Castro Vázquez, a retired dockworker, said he had lost all of his clothes, possessions, documents and a chunk of his pension, which he had withdrawn and kept in cash.
Residents helped one another remove rubble and burned appliances from the shells of homes.
“I haven’t cried; I haven’t come to terms with it. I’m just focused on cleaning my house and my neighbor’s,” Castro Vázquez said. “We’re broken.”
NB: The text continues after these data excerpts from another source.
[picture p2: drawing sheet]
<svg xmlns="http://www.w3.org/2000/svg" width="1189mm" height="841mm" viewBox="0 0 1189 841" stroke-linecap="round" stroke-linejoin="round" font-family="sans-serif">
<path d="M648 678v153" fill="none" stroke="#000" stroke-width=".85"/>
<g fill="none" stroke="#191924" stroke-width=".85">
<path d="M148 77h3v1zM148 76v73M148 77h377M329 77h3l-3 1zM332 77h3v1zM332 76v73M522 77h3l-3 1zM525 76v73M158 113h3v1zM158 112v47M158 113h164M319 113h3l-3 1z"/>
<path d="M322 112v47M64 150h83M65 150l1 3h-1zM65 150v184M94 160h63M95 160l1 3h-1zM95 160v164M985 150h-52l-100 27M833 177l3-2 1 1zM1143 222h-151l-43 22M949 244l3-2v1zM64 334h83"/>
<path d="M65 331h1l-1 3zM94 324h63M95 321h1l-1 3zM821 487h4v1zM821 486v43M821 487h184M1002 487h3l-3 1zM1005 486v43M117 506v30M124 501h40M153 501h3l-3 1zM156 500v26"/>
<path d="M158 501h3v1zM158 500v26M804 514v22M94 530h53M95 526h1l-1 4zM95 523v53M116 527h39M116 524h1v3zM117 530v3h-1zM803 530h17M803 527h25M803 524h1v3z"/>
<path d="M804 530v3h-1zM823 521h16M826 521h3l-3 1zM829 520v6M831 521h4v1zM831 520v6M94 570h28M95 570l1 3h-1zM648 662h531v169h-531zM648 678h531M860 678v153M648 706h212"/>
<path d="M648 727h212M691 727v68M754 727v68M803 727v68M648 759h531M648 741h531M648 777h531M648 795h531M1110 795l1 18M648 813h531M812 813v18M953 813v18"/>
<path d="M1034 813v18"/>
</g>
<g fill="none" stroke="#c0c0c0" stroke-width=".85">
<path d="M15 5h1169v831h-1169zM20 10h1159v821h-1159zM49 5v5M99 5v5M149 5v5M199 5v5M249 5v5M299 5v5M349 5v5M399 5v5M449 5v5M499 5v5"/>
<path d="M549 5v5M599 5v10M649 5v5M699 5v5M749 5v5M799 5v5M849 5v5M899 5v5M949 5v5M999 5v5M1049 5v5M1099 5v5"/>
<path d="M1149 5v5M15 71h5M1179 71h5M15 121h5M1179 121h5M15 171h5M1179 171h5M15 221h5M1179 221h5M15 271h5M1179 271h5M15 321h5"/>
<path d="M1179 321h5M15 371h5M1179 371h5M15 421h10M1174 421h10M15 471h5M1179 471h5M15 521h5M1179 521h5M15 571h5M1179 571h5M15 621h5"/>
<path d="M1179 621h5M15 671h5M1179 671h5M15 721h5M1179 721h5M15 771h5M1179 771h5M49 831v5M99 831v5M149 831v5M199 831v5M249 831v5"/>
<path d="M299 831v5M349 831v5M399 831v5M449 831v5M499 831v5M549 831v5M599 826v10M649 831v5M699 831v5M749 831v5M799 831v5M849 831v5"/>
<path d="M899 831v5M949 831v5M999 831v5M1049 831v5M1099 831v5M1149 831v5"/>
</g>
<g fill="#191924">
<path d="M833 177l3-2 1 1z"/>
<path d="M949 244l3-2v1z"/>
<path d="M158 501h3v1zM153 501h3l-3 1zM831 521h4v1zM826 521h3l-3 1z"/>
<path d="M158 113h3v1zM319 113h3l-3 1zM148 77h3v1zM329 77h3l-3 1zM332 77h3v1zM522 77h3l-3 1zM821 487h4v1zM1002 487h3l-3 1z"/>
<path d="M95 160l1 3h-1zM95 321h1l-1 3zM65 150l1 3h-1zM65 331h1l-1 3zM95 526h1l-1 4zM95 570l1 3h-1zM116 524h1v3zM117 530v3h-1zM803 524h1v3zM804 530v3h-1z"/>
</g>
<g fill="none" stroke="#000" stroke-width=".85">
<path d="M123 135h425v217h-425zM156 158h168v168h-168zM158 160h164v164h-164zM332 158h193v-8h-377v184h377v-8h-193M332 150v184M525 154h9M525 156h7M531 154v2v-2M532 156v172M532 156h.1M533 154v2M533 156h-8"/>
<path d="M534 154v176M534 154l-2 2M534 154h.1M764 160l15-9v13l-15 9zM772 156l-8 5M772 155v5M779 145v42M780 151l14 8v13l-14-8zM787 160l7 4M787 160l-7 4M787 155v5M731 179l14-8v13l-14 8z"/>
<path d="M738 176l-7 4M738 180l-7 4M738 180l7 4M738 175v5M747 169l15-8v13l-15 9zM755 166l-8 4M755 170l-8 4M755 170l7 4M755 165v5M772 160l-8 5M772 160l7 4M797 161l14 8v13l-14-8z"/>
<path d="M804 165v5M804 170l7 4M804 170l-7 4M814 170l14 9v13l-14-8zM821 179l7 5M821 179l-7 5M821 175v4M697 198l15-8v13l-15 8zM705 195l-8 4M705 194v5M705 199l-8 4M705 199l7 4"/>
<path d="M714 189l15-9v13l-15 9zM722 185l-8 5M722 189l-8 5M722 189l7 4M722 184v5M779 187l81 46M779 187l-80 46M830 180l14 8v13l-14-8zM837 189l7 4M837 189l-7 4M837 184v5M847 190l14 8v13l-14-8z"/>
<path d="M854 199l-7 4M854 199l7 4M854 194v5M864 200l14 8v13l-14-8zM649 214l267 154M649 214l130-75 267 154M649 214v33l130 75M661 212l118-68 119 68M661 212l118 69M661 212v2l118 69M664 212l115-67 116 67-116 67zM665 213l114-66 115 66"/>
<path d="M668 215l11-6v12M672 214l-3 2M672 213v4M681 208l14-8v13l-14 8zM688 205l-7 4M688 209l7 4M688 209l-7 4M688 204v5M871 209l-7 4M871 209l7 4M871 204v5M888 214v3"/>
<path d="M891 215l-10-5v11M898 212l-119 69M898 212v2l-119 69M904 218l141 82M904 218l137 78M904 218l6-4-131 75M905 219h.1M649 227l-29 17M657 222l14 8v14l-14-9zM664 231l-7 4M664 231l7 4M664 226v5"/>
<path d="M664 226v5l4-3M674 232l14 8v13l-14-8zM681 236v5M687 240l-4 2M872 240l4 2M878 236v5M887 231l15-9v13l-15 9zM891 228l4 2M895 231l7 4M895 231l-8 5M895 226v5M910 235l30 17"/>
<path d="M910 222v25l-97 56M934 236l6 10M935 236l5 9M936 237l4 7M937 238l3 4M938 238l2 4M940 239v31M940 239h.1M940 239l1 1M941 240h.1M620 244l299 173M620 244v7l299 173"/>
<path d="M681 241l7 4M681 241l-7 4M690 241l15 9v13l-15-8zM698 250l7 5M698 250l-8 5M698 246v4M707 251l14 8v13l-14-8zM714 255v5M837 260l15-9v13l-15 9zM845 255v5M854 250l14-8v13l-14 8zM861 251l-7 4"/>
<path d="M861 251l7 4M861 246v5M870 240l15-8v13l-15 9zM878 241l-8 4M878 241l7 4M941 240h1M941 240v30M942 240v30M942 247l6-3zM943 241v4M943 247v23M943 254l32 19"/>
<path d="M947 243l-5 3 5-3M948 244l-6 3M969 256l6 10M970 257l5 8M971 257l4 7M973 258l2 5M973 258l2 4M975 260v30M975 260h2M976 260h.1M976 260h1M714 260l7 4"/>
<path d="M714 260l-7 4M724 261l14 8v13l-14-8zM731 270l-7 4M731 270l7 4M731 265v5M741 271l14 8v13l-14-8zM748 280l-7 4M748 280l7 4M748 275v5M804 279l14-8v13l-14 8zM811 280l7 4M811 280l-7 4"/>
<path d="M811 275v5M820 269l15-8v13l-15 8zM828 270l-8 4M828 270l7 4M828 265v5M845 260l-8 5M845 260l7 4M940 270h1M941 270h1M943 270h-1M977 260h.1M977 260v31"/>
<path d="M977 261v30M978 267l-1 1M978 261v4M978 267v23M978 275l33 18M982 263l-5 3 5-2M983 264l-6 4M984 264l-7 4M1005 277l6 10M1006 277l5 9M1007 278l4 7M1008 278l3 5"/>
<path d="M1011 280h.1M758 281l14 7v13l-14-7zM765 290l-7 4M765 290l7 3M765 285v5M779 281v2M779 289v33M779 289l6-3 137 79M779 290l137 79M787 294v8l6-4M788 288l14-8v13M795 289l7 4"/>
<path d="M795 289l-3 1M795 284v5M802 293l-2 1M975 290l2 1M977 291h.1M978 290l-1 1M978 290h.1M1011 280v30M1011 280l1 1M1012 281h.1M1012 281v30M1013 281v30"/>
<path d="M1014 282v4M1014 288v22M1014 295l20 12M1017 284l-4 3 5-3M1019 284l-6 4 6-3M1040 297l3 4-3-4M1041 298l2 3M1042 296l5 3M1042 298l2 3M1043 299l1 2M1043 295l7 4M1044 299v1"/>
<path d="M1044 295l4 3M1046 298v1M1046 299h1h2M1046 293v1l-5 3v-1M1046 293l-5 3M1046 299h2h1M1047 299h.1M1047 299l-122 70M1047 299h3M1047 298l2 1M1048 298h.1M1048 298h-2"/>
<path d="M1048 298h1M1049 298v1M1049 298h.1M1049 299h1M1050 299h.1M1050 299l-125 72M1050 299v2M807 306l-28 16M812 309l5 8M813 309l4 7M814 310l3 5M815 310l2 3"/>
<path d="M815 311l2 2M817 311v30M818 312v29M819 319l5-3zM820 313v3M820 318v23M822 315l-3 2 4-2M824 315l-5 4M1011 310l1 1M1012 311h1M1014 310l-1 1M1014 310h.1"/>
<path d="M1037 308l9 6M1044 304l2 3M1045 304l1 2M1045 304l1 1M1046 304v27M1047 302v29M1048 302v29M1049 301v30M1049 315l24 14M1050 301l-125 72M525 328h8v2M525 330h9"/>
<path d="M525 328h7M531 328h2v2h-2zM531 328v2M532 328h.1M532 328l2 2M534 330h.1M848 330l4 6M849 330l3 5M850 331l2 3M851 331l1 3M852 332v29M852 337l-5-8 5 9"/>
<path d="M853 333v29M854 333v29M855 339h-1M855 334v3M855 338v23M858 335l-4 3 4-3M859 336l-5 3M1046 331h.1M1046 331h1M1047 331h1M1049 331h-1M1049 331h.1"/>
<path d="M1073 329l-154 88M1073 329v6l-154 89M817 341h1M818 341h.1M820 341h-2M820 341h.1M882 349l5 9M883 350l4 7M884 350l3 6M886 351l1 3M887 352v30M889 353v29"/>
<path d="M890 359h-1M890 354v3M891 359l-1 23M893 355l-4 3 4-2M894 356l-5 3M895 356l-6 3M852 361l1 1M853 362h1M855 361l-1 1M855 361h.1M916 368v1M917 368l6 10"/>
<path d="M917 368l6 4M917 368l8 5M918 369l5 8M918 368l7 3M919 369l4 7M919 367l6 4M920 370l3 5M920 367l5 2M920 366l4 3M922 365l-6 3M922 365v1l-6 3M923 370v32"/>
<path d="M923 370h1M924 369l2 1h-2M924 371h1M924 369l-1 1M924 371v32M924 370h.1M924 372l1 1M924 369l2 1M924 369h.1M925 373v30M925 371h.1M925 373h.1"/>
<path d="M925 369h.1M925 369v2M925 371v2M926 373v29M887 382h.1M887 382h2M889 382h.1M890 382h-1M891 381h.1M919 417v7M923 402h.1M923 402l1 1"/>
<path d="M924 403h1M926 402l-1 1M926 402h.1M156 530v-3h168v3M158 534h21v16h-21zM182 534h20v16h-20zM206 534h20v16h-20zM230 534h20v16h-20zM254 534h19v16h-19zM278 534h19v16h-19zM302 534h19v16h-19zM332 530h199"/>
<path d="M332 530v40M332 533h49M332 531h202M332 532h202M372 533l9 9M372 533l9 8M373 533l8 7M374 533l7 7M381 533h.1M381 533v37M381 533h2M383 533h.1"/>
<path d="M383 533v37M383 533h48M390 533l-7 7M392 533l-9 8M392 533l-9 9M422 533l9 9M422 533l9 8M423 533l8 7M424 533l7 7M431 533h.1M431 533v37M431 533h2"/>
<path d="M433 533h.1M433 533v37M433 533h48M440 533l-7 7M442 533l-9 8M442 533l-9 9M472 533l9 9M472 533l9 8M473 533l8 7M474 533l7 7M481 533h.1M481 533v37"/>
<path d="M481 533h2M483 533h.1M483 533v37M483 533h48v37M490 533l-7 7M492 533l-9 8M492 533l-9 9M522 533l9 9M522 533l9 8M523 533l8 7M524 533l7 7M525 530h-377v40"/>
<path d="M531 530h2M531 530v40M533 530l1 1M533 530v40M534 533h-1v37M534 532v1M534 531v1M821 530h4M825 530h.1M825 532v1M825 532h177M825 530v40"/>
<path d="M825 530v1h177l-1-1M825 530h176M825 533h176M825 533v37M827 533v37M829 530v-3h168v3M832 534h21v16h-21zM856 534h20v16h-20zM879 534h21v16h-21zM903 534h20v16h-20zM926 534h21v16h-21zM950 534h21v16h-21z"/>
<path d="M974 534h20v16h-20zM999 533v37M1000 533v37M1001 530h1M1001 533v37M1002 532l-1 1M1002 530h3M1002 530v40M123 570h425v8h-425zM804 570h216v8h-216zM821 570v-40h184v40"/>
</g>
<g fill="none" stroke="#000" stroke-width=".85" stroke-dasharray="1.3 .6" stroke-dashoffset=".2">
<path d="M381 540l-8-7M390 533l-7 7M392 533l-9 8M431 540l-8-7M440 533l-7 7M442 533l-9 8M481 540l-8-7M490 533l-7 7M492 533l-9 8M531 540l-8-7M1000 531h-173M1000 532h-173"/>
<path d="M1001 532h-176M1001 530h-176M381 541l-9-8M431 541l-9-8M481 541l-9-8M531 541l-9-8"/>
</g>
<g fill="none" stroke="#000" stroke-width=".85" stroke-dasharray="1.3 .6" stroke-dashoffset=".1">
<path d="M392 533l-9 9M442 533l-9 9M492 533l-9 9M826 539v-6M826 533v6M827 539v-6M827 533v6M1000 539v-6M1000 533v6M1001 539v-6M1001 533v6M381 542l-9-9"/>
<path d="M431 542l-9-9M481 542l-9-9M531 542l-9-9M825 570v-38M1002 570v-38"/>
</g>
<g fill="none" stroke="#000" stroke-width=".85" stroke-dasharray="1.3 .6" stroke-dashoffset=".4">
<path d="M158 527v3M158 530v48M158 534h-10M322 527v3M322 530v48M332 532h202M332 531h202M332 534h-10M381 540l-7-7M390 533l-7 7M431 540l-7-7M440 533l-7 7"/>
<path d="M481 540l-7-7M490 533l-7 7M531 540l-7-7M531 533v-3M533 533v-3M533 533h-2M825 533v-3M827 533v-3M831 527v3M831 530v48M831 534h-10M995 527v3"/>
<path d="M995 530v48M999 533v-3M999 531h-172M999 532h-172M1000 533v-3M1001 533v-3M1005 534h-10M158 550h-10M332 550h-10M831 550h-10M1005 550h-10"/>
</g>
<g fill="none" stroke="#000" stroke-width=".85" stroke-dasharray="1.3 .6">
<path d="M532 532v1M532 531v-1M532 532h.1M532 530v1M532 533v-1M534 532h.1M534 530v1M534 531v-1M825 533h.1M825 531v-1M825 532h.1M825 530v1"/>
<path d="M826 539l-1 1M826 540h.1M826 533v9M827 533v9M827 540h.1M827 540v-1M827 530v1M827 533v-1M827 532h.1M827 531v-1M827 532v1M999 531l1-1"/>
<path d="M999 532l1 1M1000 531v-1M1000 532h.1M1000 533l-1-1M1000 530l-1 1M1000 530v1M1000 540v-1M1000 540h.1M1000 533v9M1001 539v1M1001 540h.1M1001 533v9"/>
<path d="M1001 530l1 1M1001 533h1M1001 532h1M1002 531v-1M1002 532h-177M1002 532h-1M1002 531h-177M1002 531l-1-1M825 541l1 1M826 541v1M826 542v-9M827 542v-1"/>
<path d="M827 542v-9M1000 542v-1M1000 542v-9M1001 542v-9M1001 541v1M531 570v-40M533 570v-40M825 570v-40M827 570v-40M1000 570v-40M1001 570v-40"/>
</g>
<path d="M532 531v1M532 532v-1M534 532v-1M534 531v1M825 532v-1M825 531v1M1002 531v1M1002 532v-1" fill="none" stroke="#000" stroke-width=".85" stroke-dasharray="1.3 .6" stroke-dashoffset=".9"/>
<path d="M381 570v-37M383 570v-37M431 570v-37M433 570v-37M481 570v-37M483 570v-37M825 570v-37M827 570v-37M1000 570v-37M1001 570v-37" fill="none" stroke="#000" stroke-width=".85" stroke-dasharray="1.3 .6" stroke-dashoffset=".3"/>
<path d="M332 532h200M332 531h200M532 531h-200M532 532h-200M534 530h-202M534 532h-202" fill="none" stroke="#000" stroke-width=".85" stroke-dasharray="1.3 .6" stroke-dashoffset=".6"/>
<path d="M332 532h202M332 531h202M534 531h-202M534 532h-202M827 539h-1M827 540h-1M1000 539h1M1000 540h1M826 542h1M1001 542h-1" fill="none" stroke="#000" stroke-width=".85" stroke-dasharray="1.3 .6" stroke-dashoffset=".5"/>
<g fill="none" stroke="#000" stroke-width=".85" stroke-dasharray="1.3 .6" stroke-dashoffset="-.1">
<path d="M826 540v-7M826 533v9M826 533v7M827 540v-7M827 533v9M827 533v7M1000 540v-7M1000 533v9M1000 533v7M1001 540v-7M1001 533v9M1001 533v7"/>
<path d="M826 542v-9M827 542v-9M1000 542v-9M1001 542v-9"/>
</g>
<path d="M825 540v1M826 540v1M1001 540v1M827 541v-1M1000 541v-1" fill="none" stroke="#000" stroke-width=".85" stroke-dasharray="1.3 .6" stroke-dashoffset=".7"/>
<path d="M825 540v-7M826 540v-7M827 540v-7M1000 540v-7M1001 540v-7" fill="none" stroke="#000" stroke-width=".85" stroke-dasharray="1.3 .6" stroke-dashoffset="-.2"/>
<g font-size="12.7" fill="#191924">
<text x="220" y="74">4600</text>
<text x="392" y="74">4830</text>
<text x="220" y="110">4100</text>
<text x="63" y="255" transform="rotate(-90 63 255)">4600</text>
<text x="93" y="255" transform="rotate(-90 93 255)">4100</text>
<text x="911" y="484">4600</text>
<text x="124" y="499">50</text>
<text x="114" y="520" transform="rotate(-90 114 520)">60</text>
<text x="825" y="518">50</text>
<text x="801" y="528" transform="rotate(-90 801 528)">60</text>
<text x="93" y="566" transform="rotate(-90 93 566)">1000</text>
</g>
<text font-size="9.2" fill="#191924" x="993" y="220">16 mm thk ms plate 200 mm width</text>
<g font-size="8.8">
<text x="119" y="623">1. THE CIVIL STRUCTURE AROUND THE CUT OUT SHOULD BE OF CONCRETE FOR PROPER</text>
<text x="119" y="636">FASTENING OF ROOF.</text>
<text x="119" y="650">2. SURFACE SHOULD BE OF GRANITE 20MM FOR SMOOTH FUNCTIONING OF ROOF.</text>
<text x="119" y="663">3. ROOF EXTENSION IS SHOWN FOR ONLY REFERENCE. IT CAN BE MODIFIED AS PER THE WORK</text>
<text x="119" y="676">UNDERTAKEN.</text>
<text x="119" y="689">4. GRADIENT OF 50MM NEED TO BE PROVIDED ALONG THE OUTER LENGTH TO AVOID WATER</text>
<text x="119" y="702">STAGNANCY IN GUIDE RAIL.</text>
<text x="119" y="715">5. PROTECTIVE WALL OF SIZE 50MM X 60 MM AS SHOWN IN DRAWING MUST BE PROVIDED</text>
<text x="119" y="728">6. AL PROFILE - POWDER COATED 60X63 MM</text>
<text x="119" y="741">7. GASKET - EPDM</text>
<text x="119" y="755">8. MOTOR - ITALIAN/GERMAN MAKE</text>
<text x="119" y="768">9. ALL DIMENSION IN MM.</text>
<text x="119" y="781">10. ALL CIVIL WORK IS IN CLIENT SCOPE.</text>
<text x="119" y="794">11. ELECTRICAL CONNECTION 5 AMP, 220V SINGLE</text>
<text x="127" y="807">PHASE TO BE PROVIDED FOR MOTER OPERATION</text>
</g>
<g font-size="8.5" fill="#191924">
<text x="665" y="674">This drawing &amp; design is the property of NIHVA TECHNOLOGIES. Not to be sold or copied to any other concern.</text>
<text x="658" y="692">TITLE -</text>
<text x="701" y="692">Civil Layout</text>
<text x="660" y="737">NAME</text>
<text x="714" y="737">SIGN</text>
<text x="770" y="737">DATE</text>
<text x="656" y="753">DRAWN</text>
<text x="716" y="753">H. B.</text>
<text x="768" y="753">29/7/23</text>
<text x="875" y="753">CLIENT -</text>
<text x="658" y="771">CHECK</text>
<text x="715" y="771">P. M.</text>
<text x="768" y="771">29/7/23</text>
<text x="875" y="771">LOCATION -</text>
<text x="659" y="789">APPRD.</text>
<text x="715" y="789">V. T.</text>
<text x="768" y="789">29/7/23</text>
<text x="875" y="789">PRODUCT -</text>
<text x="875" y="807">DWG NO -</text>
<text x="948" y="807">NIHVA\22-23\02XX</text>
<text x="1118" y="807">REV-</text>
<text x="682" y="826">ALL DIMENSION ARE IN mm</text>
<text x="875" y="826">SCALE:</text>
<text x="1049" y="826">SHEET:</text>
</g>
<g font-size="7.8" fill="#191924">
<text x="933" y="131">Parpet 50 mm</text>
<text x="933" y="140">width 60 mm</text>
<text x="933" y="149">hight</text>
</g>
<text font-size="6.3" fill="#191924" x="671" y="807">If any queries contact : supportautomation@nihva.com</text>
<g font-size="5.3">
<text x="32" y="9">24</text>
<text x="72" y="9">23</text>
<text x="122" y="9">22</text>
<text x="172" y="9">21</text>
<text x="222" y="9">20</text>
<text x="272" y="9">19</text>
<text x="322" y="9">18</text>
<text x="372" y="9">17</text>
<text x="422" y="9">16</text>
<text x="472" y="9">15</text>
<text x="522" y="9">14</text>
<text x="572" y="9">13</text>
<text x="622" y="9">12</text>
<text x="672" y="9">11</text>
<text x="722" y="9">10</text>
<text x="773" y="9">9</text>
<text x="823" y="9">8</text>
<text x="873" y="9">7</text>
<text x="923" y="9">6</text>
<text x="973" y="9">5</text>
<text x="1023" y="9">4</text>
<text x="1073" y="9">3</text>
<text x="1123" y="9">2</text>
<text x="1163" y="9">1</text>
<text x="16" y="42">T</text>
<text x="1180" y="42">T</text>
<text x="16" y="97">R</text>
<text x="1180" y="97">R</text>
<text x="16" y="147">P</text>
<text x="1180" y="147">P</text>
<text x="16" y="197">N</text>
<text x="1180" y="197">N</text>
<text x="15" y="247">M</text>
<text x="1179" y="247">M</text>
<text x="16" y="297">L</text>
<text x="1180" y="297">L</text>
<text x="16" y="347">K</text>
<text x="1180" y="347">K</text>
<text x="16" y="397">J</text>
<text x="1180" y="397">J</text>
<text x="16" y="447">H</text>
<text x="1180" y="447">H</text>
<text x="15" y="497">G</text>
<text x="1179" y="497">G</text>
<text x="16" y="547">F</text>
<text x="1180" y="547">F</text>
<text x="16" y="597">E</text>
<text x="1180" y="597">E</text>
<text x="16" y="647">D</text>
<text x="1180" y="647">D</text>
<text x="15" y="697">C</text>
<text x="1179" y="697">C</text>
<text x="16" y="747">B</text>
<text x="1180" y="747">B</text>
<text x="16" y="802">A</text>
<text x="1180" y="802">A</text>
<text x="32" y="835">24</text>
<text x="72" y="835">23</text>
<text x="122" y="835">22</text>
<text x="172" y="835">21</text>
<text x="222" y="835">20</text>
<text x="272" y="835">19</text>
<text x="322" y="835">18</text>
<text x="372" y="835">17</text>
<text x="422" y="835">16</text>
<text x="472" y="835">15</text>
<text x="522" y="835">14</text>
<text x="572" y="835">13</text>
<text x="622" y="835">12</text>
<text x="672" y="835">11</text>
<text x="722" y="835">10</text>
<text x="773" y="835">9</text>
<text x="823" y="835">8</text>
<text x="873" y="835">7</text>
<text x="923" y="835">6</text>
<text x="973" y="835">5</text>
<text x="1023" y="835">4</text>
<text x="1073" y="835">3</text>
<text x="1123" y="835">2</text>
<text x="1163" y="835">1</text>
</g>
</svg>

In the hills around Viña del Mar, police and medical examiners were starting to arrive Sunday afternoon. Police officers picked through the rubble, asking locals if they had seen bodies.
Some survivors said they saw people swallowed by flames two stories high. Others described seeing bodies littering staircases.
Many residents in the settlements said they had been stranded without help or even information since their cellphone batteries had run out and the power had gone out.
They said that they had been largely left on their own to respond to the disaster. Shelters set up for evacuees were too far away to be useful, many said.
In the Las Praderas district, some survivors huddled in the shade while others raked over the twisted remains of their homes. A taxi distributed bottled water and empanadas as a first-year medical student treated minor injuries.
The mayor of Viña del Mar, Macarena Ripamonti, said at a news conference Sunday morning that as of Saturday night, 372 people in the municipality were missing. She said officials would ensure that the bodies of those who died in the fires were removed as quickly as possible.
“They are our neighbors; they’re our family; they are our friends; they are people from Viña del Mar. That moves the population,” she said. “People are living through the worst situation.”